*Aim of the task*. Go to the line below containing "gyroAccelDt : Inport" and print exactly from there through the line containing "Constant8 : Constant", both included. Print nothing else.

[Collected data]
-------
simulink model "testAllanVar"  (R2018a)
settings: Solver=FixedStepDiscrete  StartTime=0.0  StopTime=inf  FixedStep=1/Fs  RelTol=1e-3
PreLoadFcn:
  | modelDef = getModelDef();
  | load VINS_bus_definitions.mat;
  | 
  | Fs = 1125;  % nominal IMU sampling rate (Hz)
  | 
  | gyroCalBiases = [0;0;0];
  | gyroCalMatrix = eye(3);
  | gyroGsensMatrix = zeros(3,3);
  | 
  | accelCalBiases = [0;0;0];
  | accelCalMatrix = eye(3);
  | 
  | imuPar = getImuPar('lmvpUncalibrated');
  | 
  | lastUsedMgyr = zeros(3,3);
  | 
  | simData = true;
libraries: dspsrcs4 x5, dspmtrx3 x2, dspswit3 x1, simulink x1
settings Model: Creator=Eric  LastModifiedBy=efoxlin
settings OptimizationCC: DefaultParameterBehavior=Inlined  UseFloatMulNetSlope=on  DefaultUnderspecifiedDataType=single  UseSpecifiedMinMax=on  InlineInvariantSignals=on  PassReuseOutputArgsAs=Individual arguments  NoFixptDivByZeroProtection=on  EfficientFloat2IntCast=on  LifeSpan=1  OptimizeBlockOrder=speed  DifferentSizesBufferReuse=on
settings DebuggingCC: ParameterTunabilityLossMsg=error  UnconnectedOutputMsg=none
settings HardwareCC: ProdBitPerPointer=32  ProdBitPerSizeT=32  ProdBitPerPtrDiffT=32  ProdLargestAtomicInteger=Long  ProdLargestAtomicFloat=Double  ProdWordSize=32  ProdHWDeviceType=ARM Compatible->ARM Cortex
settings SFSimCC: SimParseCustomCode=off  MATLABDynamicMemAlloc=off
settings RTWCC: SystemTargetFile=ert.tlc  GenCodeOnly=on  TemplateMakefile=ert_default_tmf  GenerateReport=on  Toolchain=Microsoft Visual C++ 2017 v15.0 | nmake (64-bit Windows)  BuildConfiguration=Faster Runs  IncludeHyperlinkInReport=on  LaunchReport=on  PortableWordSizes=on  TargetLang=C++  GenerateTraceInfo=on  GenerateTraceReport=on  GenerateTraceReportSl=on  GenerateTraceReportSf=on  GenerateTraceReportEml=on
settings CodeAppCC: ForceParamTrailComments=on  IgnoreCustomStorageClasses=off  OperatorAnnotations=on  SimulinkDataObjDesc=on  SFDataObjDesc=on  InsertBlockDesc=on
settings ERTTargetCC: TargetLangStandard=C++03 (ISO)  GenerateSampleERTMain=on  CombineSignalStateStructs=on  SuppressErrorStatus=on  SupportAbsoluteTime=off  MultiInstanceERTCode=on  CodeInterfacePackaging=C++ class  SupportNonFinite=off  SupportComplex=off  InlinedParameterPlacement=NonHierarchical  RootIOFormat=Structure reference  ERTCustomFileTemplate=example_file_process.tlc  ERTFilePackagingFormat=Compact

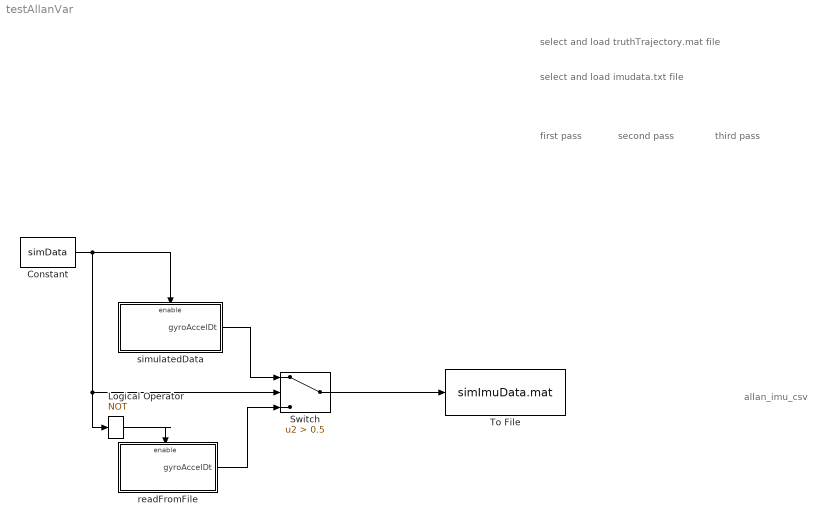
== system testAllanVar ==
  note: allan_imu_csv
  note: select and load imudata.txt file
  note: second pass
  note: first pass
  note: third pass
  note: select and load truthTrajectory.mat file
  Constant : Constant  Value=simData
  Logical Operator : Logic  Operator=NOT  IconShape=distinctive  AllPortsSameDT=off  OutDataTypeStr=boolean
  Switch : Switch  Criteria=u2 > Threshold  Threshold=0.5
  To File : ToFile  Filename=simImuData.mat  MatrixName=simImuData
  readFromFile : Subsystem
  simulatedData : Subsystem
  wires:
  readFromFile/1(gyroAccelDt) -> Switch/3
  simulatedData/1("gyroAccelDt ") -> Switch/1
  Constant/1 -> Logical Operator/1, Switch/2, simulatedData/Enable
  Logical Operator/1 -> readFromFile/Enable
  Switch/1 -> To File/1

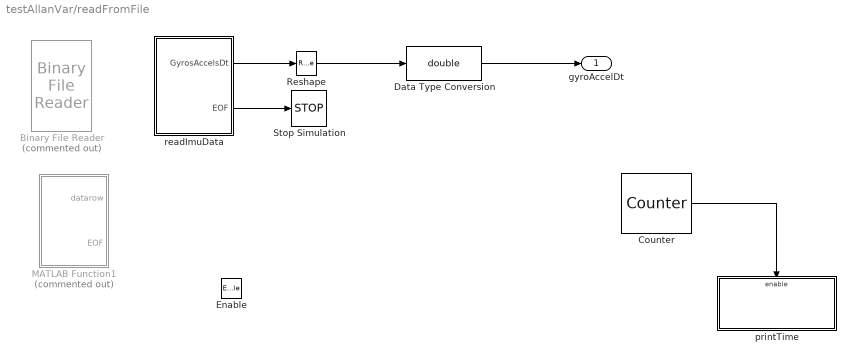
== system testAllanVar/readFromFile ==
  Enable : EnablePort
  Binary File Reader : dspsrcs4/Binary File Reader  Commented=on  Filename=GyroAccelDtFloat32.bin  HeaderStructure=struct([])  DataType=single  SamplesPerFrame=1  IsDataComplex=off  NumChannels=7  OutputEOF=on  SampleTime=1/Fs  SimulateUsing=Code generation
      settings: SourceProductName=DSP System Toolbox  SourceProductBaseCode=DS
  Counter : dspswit3/Counter  Direction=Up  CountEvent=Free running  CounterSize=User defined  MaxCount=4095  InitialCount=0  Output=Hit  HitValue=32  ResetInput=off  SamplesPerFrame=1  Ts=1/Fs  CntDtype=double  HitDtype=Logical
  Data Type Conversion : DataTypeConversion  OutDataTypeStr=double
  MATLAB Function1 : MATLAB Function  Commented=on  TreatAsAtomicUnit=on
  Reshape : Reshape  OutputDimensionality=Column vector (2-D)
  Stop Simulation : Stop
  printTime : Subsystem
  readImuData : Subsystem
  gyroAccelDt : Outport
  wires:
  Reshape/1 -> Data Type Conversion/1
  readImuData/1(GyrosAccelsDt) -> Reshape/1
  readImuData/2(EOF) -> Stop Simulation/1
  Data Type Conversion/1 -> gyroAccelDt/1
  Counter/1 -> printTime/Enable

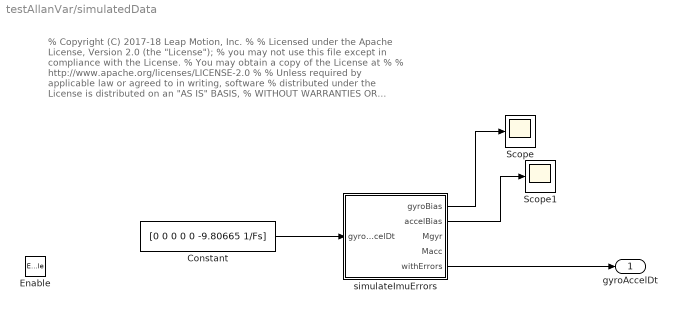
== system testAllanVar/simulatedData ==
  note: % Copyright (C) 2017-18 Leap Motion, Inc.
      | %
      | %    Licensed under the Apache License, Version 2.0 (the "License");
      | %    you may not use this file except in compliance with the License.
      | %    You may obtain a copy of the License at
      | %
      | %        http://www.apache.org/licenses/LICENSE-2.0
      | %
      | %    Unless required by applicable law or agreed to in writing, software
      | %    distributed under the License is distributed on an "AS IS" BASIS,
      | %    WITHOUT WARRANTIES OR CONDITIONS OF ANY KIND, either express or implied.
      | %    See the License for the specific language governing permissions and
      | %    limitations under the License.
      | % Author: Eric Foxlin
  Enable : EnablePort
  Constant : Constant  Value=[0 0 0 0 0 -9.80665 1/Fs]  SampleTime=1/Fs
  Scope : Scope
  Scope1 : Scope
  simulateImuErrors : Subsystem  TreatAsAtomicUnit=on
  "gyroAccelDt " : Outport
  wires:
  Constant/1 -> simulateImuErrors/1(gyroAccelDt)
  simulateImuErrors/5(withErrors) -> "gyroAccelDt "/1
  simulateImuErrors/1(gyroBias) -> Scope/1
  simulateImuErrors/2(accelBias) -> Scope1/1

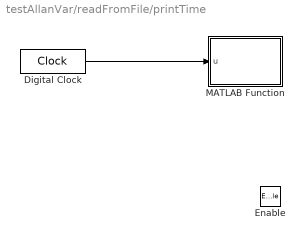
== system testAllanVar/readFromFile/printTime ==
  Enable : EnablePort
  Digital Clock : DigitalClock  SampleTime=1/Fs
  MATLAB Function : MATLAB Function  TreatAsAtomicUnit=on
  wires:
  Digital Clock/1 -> MATLAB Function/1(u)

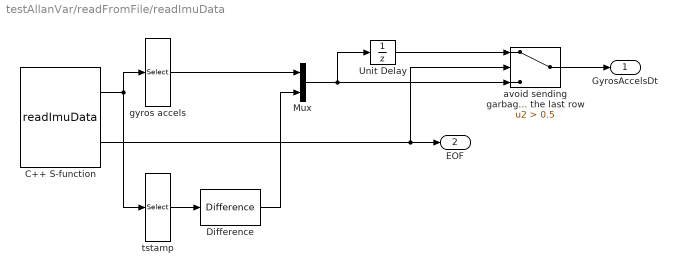
== system testAllanVar/readFromFile/readImuData ==
  C++ S-function : S-Function  FunctionName=readImuData  Parameters=1/Fs  SFunctionDeploymentMode=off  EnableBusSupport=off
  Difference : simulink/Discrete/Difference  ICPrevInput=0.0  OutMin=[]  OutMax=[]  OutDataType=fixdt(1, 16)  OutScaling=2^-10  DoSatur=off
  Mux : Mux  Inputs=2
  Unit Delay : UnitDelay  SampleTime=-1
  avoid sending garbage on the last row : Switch  Criteria=u2 > Threshold  Threshold=0.5
  gyros accels : Selector  InputPortWidth=10  IndexOptions=Index vector (dialog)  Indices=[4:9]  OutputSizes=1
  tstamp : Selector  InputPortWidth=10  IndexOptions=Index vector (dialog)  Indices=3  OutputSizes=1
  GyrosAccelsDt : Outport
  EOF : Outport  Port=2
  wires:
  C++ S-function/2 -> avoid sending garbage on the last row/2, EOF/1
  tstamp/1 -> Difference/1
  C++ S-function/1 -> gyros accels/1, tstamp/1
  gyros accels/1 -> Mux/1
  Mux/1 -> Unit Delay/1, avoid sending garbage on the last row/3
  Difference/1 -> Mux/2
  avoid sending garbage on the last row/1 -> GyrosAccelsDt/1
  Unit Delay/1 -> avoid sending garbage on the last row/1

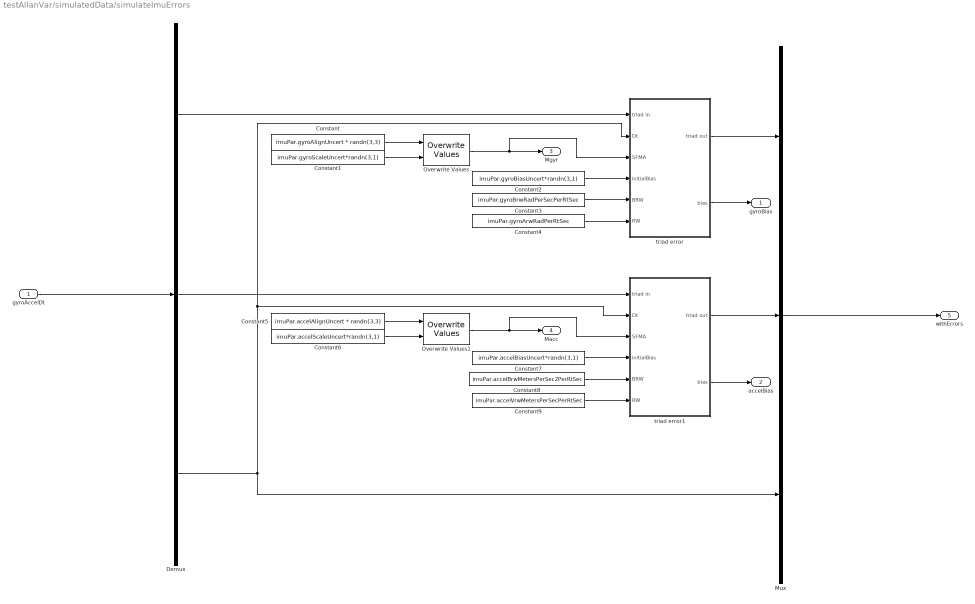
== system testAllanVar/simulatedData/simulateImuErrors ==
  gyroAccelDt : Inport
  Constant : Constant  Value=imuPar.gyroAlignUncert * randn(3,3)
  Constant1 : Constant  Value=imuPar.gyroScaleUncert*randn(3,1)
  Constant2 : Constant  Value=imuPar.gyroBiasUncert*randn(3,1)  VectorParams1D=off
  Constant3 : Constant  Value=imuPar.gyroBrwRadPerSecPerRtSec
  Constant4 : Constant  Value=imuPar.gyroArwRadPerRtSec
  Constant5 : Constant  Value=imuPar.accelAlignUncert * randn(3,3)
  Constant6 : Constant  Value=imuPar.accelScaleUncert*randn(3,1)
  Constant7 : Constant  Value=imuPar.accelBiasUncert*randn(3,1)  VectorParams1D=off
  Constant8 : Constant  Value=imuPar.accelBrwMetersPerSec2PerRtSec
  Constant9 : Constant  Value=imuPar.accelVrwMetersPerSecPerRtSec
  Demux : Demux  Outputs=[3 3 1]
  Mux : Mux  Inputs=3
  Overwrite Values : dspmtrx3/Overwrite Values  OverWriteDiag=Diagonal  valFrom2ndIP=Second input port  ConstValue=0  RowSpan=Range of rows  RowStartMode=First  RowStartIndex=1  RowEndMode=Last  RowEndIndex=1  ColSpan=Range of columns  ColStartMode=First  ColStartIndex=1  ColEndMode=Last  ColEndIndex=1  DiagSpan=All elements  DiagStartMode=Index  DiagStartIndex=2  DiagEndMode=Index  DiagEndIndex=4
      settings: SourceProductName=DSP System Toolbox  SourceProductBaseCode=DS
  Overwrite Values1 : dspmtrx3/Overwrite Values  OverWriteDiag=Diagonal  valFrom2ndIP=Second input port  ConstValue=0  RowSpan=Range of rows  RowStartMode=First  RowStartIndex=1  RowEndMode=Last  RowEndIndex=1  ColSpan=Range of columns  ColStartMode=First  ColStartIndex=1  ColEndMode=Last  ColEndIndex=1  DiagSpan=All elements  DiagStartMode=Index  DiagStartIndex=2  DiagEndMode=Index  DiagEndIndex=4
      settings: SourceProductName=DSP System Toolbox  SourceProductBaseCode=DS
  triad error : Subsystem  TreatAsAtomicUnit=on
  triad error1 : Subsystem  TreatAsAtomicUnit=on
  gyroBias : Outport
  accelBias : Outport  Port=2
  Mgyr : Outport  Port=3
  Macc : Outport  Port=4
  withErrors : Outport  Port=5
  wires:
  gyroAccelDt/1 -> Demux/1
  Demux/1 -> triad error/1(triad in)
  Demux/3 -> triad error1/2(Dt), triad error/2(Dt), Mux/3
  triad error/1(triad out) -> Mux/1
  Mux/1 -> withErrors/1
  Constant/1 -> Overwrite Values/1
  Constant1/1 -> Overwrite Values/2
  Overwrite Values/1 -> Mgyr/1, triad error/3(SFMA)
  Constant2/1 -> triad error/4(initialBias)
  triad error/2(bias) -> gyroBias/1
  Constant3/1 -> triad error/5(BRW)
  Constant4/1 -> triad error/6(RW)
  Constant7/1 -> triad error1/4(initialBias)
  Constant9/1 -> triad error1/6(RW)
  Constant8/1 -> triad error1/5(BRW)
  Constant6/1 -> Overwrite Values1/2
  Overwrite Values1/1 -> Macc/1, triad error1/3(SFMA)
  Constant5/1 -> Overwrite Values1/1
  Demux/2 -> triad error1/1(triad in)
  triad error1/1(triad out) -> Mux/2
  triad error1/2(bias) -> accelBias/1

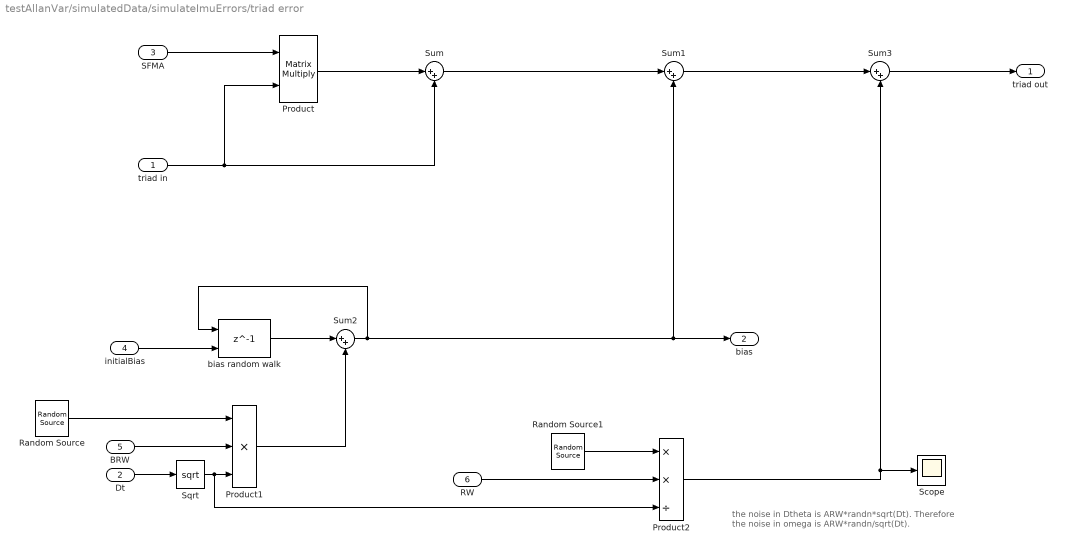
== system testAllanVar/simulatedData/simulateImuErrors/triad error ==
  note: the noise in Dtheta is ARW*randn*sqrt(Dt). Therefore the noise in omega is ARW*randn/sqrt(Dt).
  triad in : Inport
  Dt : Inport  Port=2
  SFMA : Inport  Port=3
  initialBias : Inport  Port=4
  BRW : Inport  Port=5
  RW : Inport  Port=6
  Product : Product  Multiplication=Matrix(*)
  Product1 : Product  Inputs=3
  Product2 : Product  Inputs=**/
  Random Source : dspsrcs4/Random Source  SrcType=Gaussian  NormMethod=Ziggurat  CltLength=12  MinVal=0  MaxVal=1  MeanVal=[0;0;0]  VarVal=1  RepMode=Not repeatable  rawSeed=1  IsInherit=off  SampMode=Discrete  SampTime=1/Fs  SampFrame=1  DataType=Double  OutComplex=Real  OutputFrames=off
  Random Source1 : dspsrcs4/Random Source  SrcType=Gaussian  NormMethod=Ziggurat  CltLength=12  MinVal=0  MaxVal=1  MeanVal=[0;0;0]  VarVal=1  RepMode=Not repeatable  rawSeed=1  IsInherit=off  SampMode=Discrete  SampTime=-1  SampFrame=1  DataType=Double  OutComplex=Real  OutputFrames=off
  Scope : Scope
  Sqrt : Sqrt  SaturateOnIntegerOverflow=on
  Sum{,1..3} (4 alike) : Sum  Inputs=|++
  bias random walk : Delay  DelayLength=1  InitialConditionSource=Input port
      settings: InputPortMap=u0,p4
  triad out : Outport
  bias : Outport  Port=2
  wires:
  triad in/1 -> Sum/2, Product/2
  SFMA/1 -> Product/1
  Product/1 -> Sum/1
  Sum/1 -> Sum1/1
  Sum1/1 -> Sum3/1
  initialBias/1 -> bias random walk/2
  bias random walk/1 -> Sum2/1
  Sum2/1 -> bias/1, Sum1/2, bias random walk/1
  Dt/1 -> Sqrt/1
  Sqrt/1 -> Product2/3, Product1/3
  BRW/1 -> Product1/2
  Product1/1 -> Sum2/2
  RW/1 -> Product2/2
  Sum3/1 -> triad out/1
  Product2/1 -> Scope/1, Sum3/2
  Random Source/1 -> Product1/1
  Random Source1/1 -> Product2/1

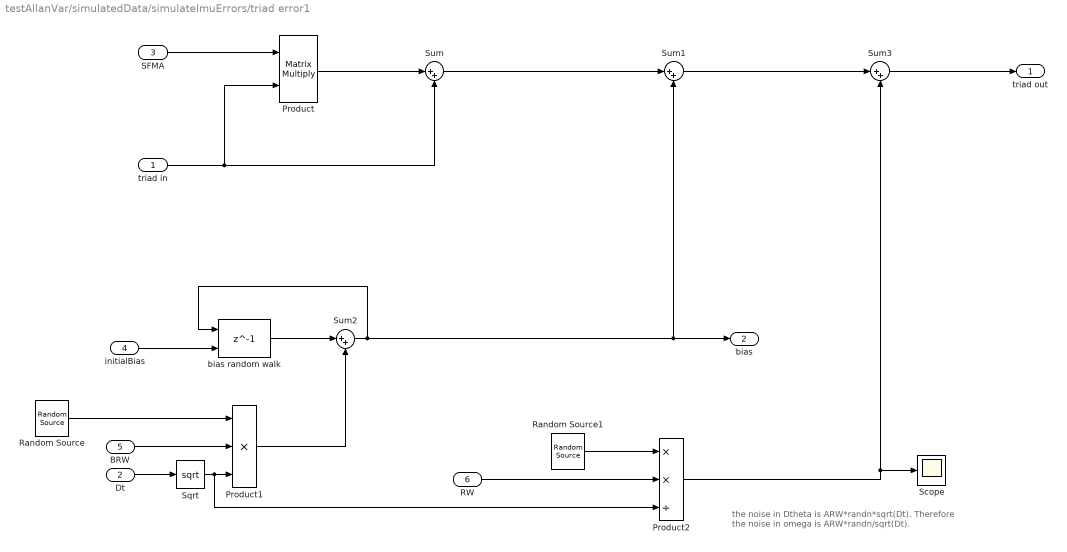
== system testAllanVar/simulatedData/simulateImuErrors/triad error1 ==
  note: the noise in Dtheta is ARW*randn*sqrt(Dt). Therefore the noise in omega is ARW*randn/sqrt(Dt).
  triad in : Inport
  Dt : Inport  Port=2
  SFMA : Inport  Port=3
  initialBias : Inport  Port=4
  BRW : Inport  Port=5
  RW : Inport  Port=6
  Product : Product  Multiplication=Matrix(*)
  Product1 : Product  Inputs=3
  Product2 : Product  Inputs=**/
  Random Source : dspsrcs4/Random Source  SrcType=Gaussian  NormMethod=Ziggurat  CltLength=12  MinVal=0  MaxVal=1  MeanVal=[0;0;0]  VarVal=1  RepMode=Not repeatable  rawSeed=1  IsInherit=off  SampMode=Discrete  SampTime=1/Fs  SampFrame=1  DataType=Double  OutComplex=Real  OutputFrames=off
  Random Source1 : dspsrcs4/Random Source  SrcType=Gaussian  NormMethod=Ziggurat  CltLength=12  MinVal=0  MaxVal=1  MeanVal=[0;0;0]  VarVal=1  RepMode=Not repeatable  rawSeed=1  IsInherit=off  SampMode=Discrete  SampTime=-1  SampFrame=1  DataType=Double  OutComplex=Real  OutputFrames=off
  Scope : Scope
  Sqrt : Sqrt  SaturateOnIntegerOverflow=on
  Sum{,1..3} (4 alike) : Sum  Inputs=|++
  bias random walk : Delay  DelayLength=1  InitialConditionSource=Input port
      settings: InputPortMap=u0,p4
  triad out : Outport
  bias : Outport  Port=2
  wires:
  triad in/1 -> Sum/2, Product/2
  SFMA/1 -> Product/1
  Product/1 -> Sum/1
  Sum/1 -> Sum1/1
  Sum1/1 -> Sum3/1
  initialBias/1 -> bias random walk/2
  bias random walk/1 -> Sum2/1
  Sum2/1 -> bias/1, Sum1/2, bias random walk/1
  Dt/1 -> Sqrt/1
  Sqrt/1 -> Product2/3, Product1/3
  BRW/1 -> Product1/2
  Product1/1 -> Sum2/2
  RW/1 -> Product2/2
  Sum3/1 -> triad out/1
  Product2/1 -> Scope/1, Sum3/2
  Random Source/1 -> Product1/1
  Random Source1/1 -> Product2/1

== matlab function testAllanVar/readFromFile/printTime/MATLAB Function ==
  data: u input
function  printTime(u)
%#codegen

% using fileId = 1  only generates a printf in the generated code
% fileId = 2 also causes prints in the matlab console

fprintf(1, "\r %f", u);

== matlab function testAllanVar/readFromFile/MATLAB Function1 ==
  data: datarow output; EOF output
function [datarow, EOF] = readLineAscii()

persistent data data2 nrows row

if isempty(data)
    % row format = # SeqID, DeviceID, timestamp (sec), gyroXYZ (rad/sec), accelXYZ (m/s^2), temperature (degC)
    coder.varsize('data', [500000, 10], [1 0]);  % ten columns,  up to 200k rows
    data = load('imudata.txt', '-ascii'); 
    
    validTimestamp = data(:,3) > 0.001;
    data2 = data(validTimestamp, [4 5 6 7 8 9 3]); % select just the useful columns and rows
    nrows = size(data2, 1);
    row = 2;  % skip the first row since we need delta-t's

end

datarow = data2(row,:)';
datarow(7) = data2(row,7) - data2(row-1,7); % calculate Delta-t

EOF = row >= nrows;
row = row + 1;
-------
*Solution for this problem*.
  gyroAccelDt : Inport
  Constant : Constant  Value=imuPar.gyroAlignUncert * randn(3,3)
  Constant1 : Constant  Value=imuPar.gyroScaleUncert*randn(3,1)
  Constant2 : Constant  Value=imuPar.gyroBiasUncert*randn(3,1)  VectorParams1D=off
  Constant3 : Constant  Value=imuPar.gyroBrwRadPerSecPerRtSec
  Constant4 : Constant  Value=imuPar.gyroArwRadPerRtSec
  Constant5 : Constant  Value=imuPar.accelAlignUncert * randn(3,3)
  Constant6 : Constant  Value=imuPar.accelScaleUncert*randn(3,1)
  Constant7 : Constant  Value=imuPar.accelBiasUncert*randn(3,1)  VectorParams1D=off
  Constant8 : Constant  Value=imuPar.accelBrwMetersPerSec2PerRtSec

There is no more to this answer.